Compactness under homeomorphisms

[ehrenfest]

Homework Statement

I want to show that homeomorphism preserve compactness on a set or a space. The definition of a homeomorphism is a continuous function with a continuous inverse.
The definition of a continuous function is a function such that the pre-image of an open set is open.

Let f: X to Y be continuous. Let X be compact
So, if you have an open cover in X then you have a finite subcover. But if you have an open cover in Y, then you could map it to X but how would you know that it is still an open cover in X?

Homework Equations

The Attempt at a Solution

 

[morphism]

Suppose f:X->Y is a homeomorphism. If {U_i} is an open cover of Y, then {f^-1(U_i)} is an open cover of X.

 

[ehrenfest]

Suppose f:X->Y is a homeomorphism. If {U_i} is an open cover of Y, then {f^-1(U_i)} is an open cover of X.
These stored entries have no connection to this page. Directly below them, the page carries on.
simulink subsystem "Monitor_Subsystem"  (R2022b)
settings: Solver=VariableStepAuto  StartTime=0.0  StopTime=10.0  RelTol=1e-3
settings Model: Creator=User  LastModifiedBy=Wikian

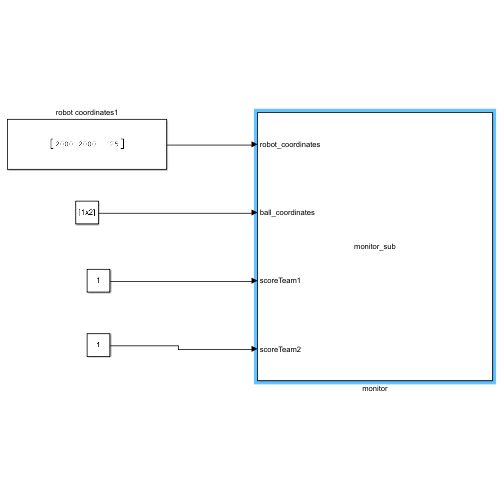
[thumbnail: Simulink's stored preview of the top-level diagram]
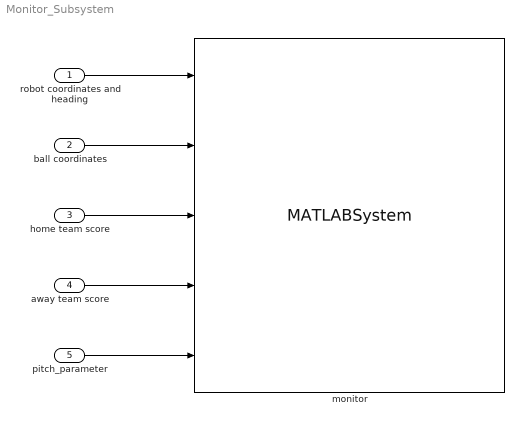
== system Monitor_Subsystem ==
  robot coordinates and heading : Inport
  ball coordinates : Inport  Port=2
  home team score : Inport  Port=3
  away team score : Inport  Port=4
  pitch_parameter : Inport  Port=5
  monitor : MATLABSystem  System=monitor_sub  SimulateUsing=Code generation
      mask Type: monitor_sub
      mask Display:
      | disp('monitor_sub');
      | port_label('input',1,'robot_coordinates');
      | port_label('input',2,'ball_coordinates');
      | port_label('input',3,'scoreTeam1');
      | port_label('input',4,'scoreTeam2');
      | port_label('input',5,'pitchParameters');
  wires:
  robot coordinates and heading/1 -> monitor/1
  home team score/1 -> monitor/3
  ball coordinates/1 -> monitor/2
  away team score/1 -> monitor/4
  pitch_parameter/1 -> monitor/5
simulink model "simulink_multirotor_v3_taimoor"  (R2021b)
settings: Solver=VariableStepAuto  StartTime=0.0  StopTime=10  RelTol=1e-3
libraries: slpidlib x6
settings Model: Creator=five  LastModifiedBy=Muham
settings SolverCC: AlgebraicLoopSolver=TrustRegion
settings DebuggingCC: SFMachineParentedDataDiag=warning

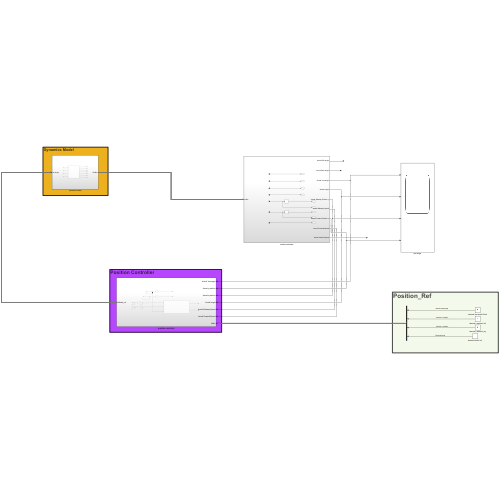
[thumbnail: Simulink's stored preview of the top-level diagram]
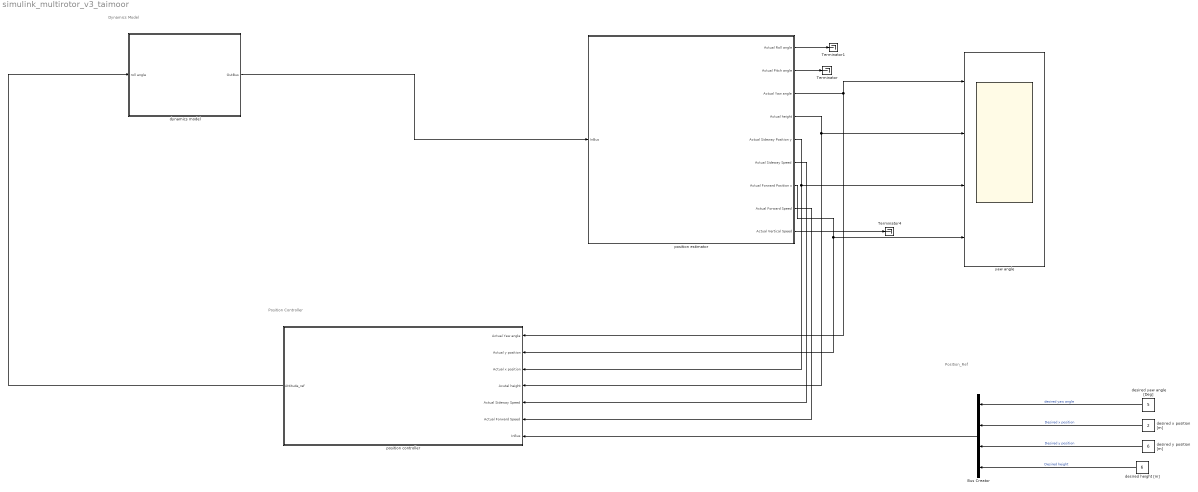
== system simulink_multirotor_v3_taimoor ==
  note: Dynamics Model
  note: Position Controller
  note: Position_Ref
  Bus Creator : BusCreator  Inputs=4
  Terminator : Terminator
  Terminator1 : Terminator
  Terminator4 : Terminator
  desired height [m] : Constant  Value=6
  desired x position [m] : Constant  Value=2
  desired y position [m] : Constant  Value=6
  desired yaw angle [Deg] : Constant  Value=5
  dynamics model : Subsystem
  position controller : Subsystem
  position estimator : Subsystem
  yaw angle : Scope  NumInputPorts=4
  wires:
  position estimator/4(Actual height) -> yaw angle/2, position controller/4(Acutal height)
  position estimator/7(Actual Forward Position x) -> position controller/2(Actual y position), yaw angle/4
  position estimator/5(Actual Sideway Position y) -> yaw angle/3, position controller/3(Actual x position)
  position estimator/3(Actual Yaw angle) -> yaw angle/1, position controller/1(Actual Yaw angle)
  position estimator/9(Actual Vertical Speed) -> Terminator4/1
  position estimator/8(Actual Forward Speed) -> position controller/6(Actual Forward Speed)
  position estimator/6(Actual Sideway Speed) -> position controller/5(Actual Sideway Speed)
  position estimator/2(Actual Pitch angle) -> Terminator/1
  position estimator/1(Actual Roll angle) -> Terminator1/1
  desired yaw angle [Deg]/1 -> Bus Creator/1  "desired yaw angle"
  desired x position [m]/1 -> Bus Creator/2  "Desired x position"
  desired y position [m]/1 -> Bus Creator/3  "Desired y position"
  desired height [m]/1 -> Bus Creator/4  "Desired height"
  Bus Creator/1 -> position controller/7(InBus)
  position controller/1(Attitude_ref) -> dynamics model/1(roll angle)
  dynamics model/1(OutBus) -> position estimator/1(InBus)

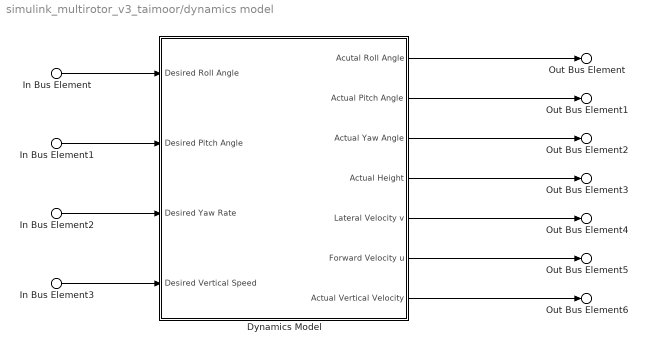
== system simulink_multirotor_v3_taimoor/dynamics model ==
  In Bus Element : Inport  PortName=roll angle  Element=desired roll angle
  In Bus Element1 : Inport  PortName=roll angle  Element=desired pitch angle
  In Bus Element2 : Inport  PortName=roll angle  Element=desired yaw rate
  In Bus Element3 : Inport  PortName=roll angle  Element=desired vertical speed
  Dynamics Model : Subsystem
  Out Bus Element : Outport  PortName=OutBus  Element=Actual Roll Angle
  Out Bus Element1 : Outport  PortName=OutBus  Element=Acutal Ptich Angle
  Out Bus Element2 : Outport  PortName=OutBus  Element=Actual Yaw Angle
  Out Bus Element3 : Outport  PortName=OutBus  Element=Actual Height
  Out Bus Element4 : Outport  PortName=OutBus  Element=Actual Sideway Speed
  Out Bus Element5 : Outport  PortName=OutBus  Element=Actual Forward Speed
  Out Bus Element6 : Outport  PortName=OutBus  Element=Actual Vertical Speed
  wires:
  In Bus Element/1 -> Dynamics Model/1(Desired Roll Angle)
  In Bus Element1/1 -> Dynamics Model/2(Desired Pitch Angle)
  In Bus Element2/1 -> Dynamics Model/3(Desired Yaw Rate)
  In Bus Element3/1 -> Dynamics Model/4(Desired Vertical Speed)
  Dynamics Model/6(Forward Velocity u) -> Out Bus Element5/1
  Dynamics Model/5(Lateral Velocity v) -> Out Bus Element4/1
  Dynamics Model/4(Actual Height) -> Out Bus Element3/1
  Dynamics Model/3(Actual Yaw Angle) -> Out Bus Element2/1
  Dynamics Model/2(Actual Pitch Angle) -> Out Bus Element1/1
  Dynamics Model/1(Acutal Roll Angle) -> Out Bus Element/1
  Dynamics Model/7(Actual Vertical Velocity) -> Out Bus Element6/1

That is exactly the statement form of my question. Could you please explain why that is true?

 

[morphism]

We know that f is continuous and that each U_i is open. It follows that each f^-1(U_i) is open.

If Y = \cup U_i, can you guess what \cup f^-1(U_i) should be? Can you prove it?

 

[ehrenfest]

Say, that there an x in X s.t. x is not in \cup f^-1(U_i). Then take a nbhd of x N_x. f(N_x) must be in \cup U_i.

OK. So, it comes down to whether the function is injective. Can we assumed it is? That is not part of the definition, is it?

 

[morphism]

A homeomorphism is a bijection, so yes it's injective... But what does that have to do with anything?

Look, Y = \cup U_i. So X = f^-1(Y) = f^-1(\cup U_i) = ...

 

[ehrenfest]

OK. I guess the problem is more fundamental. I do not understand why a homeomorphism is a bijection. How would one show from the definition I wrote in the first post that it is surjective? That it is injective?

 

[morphism]

If it has an inverse it must be a bijection.

By the way, the f^-1's I used above were used to indicate taking the preimage.

 

[ehrenfest]

I see. Thanks.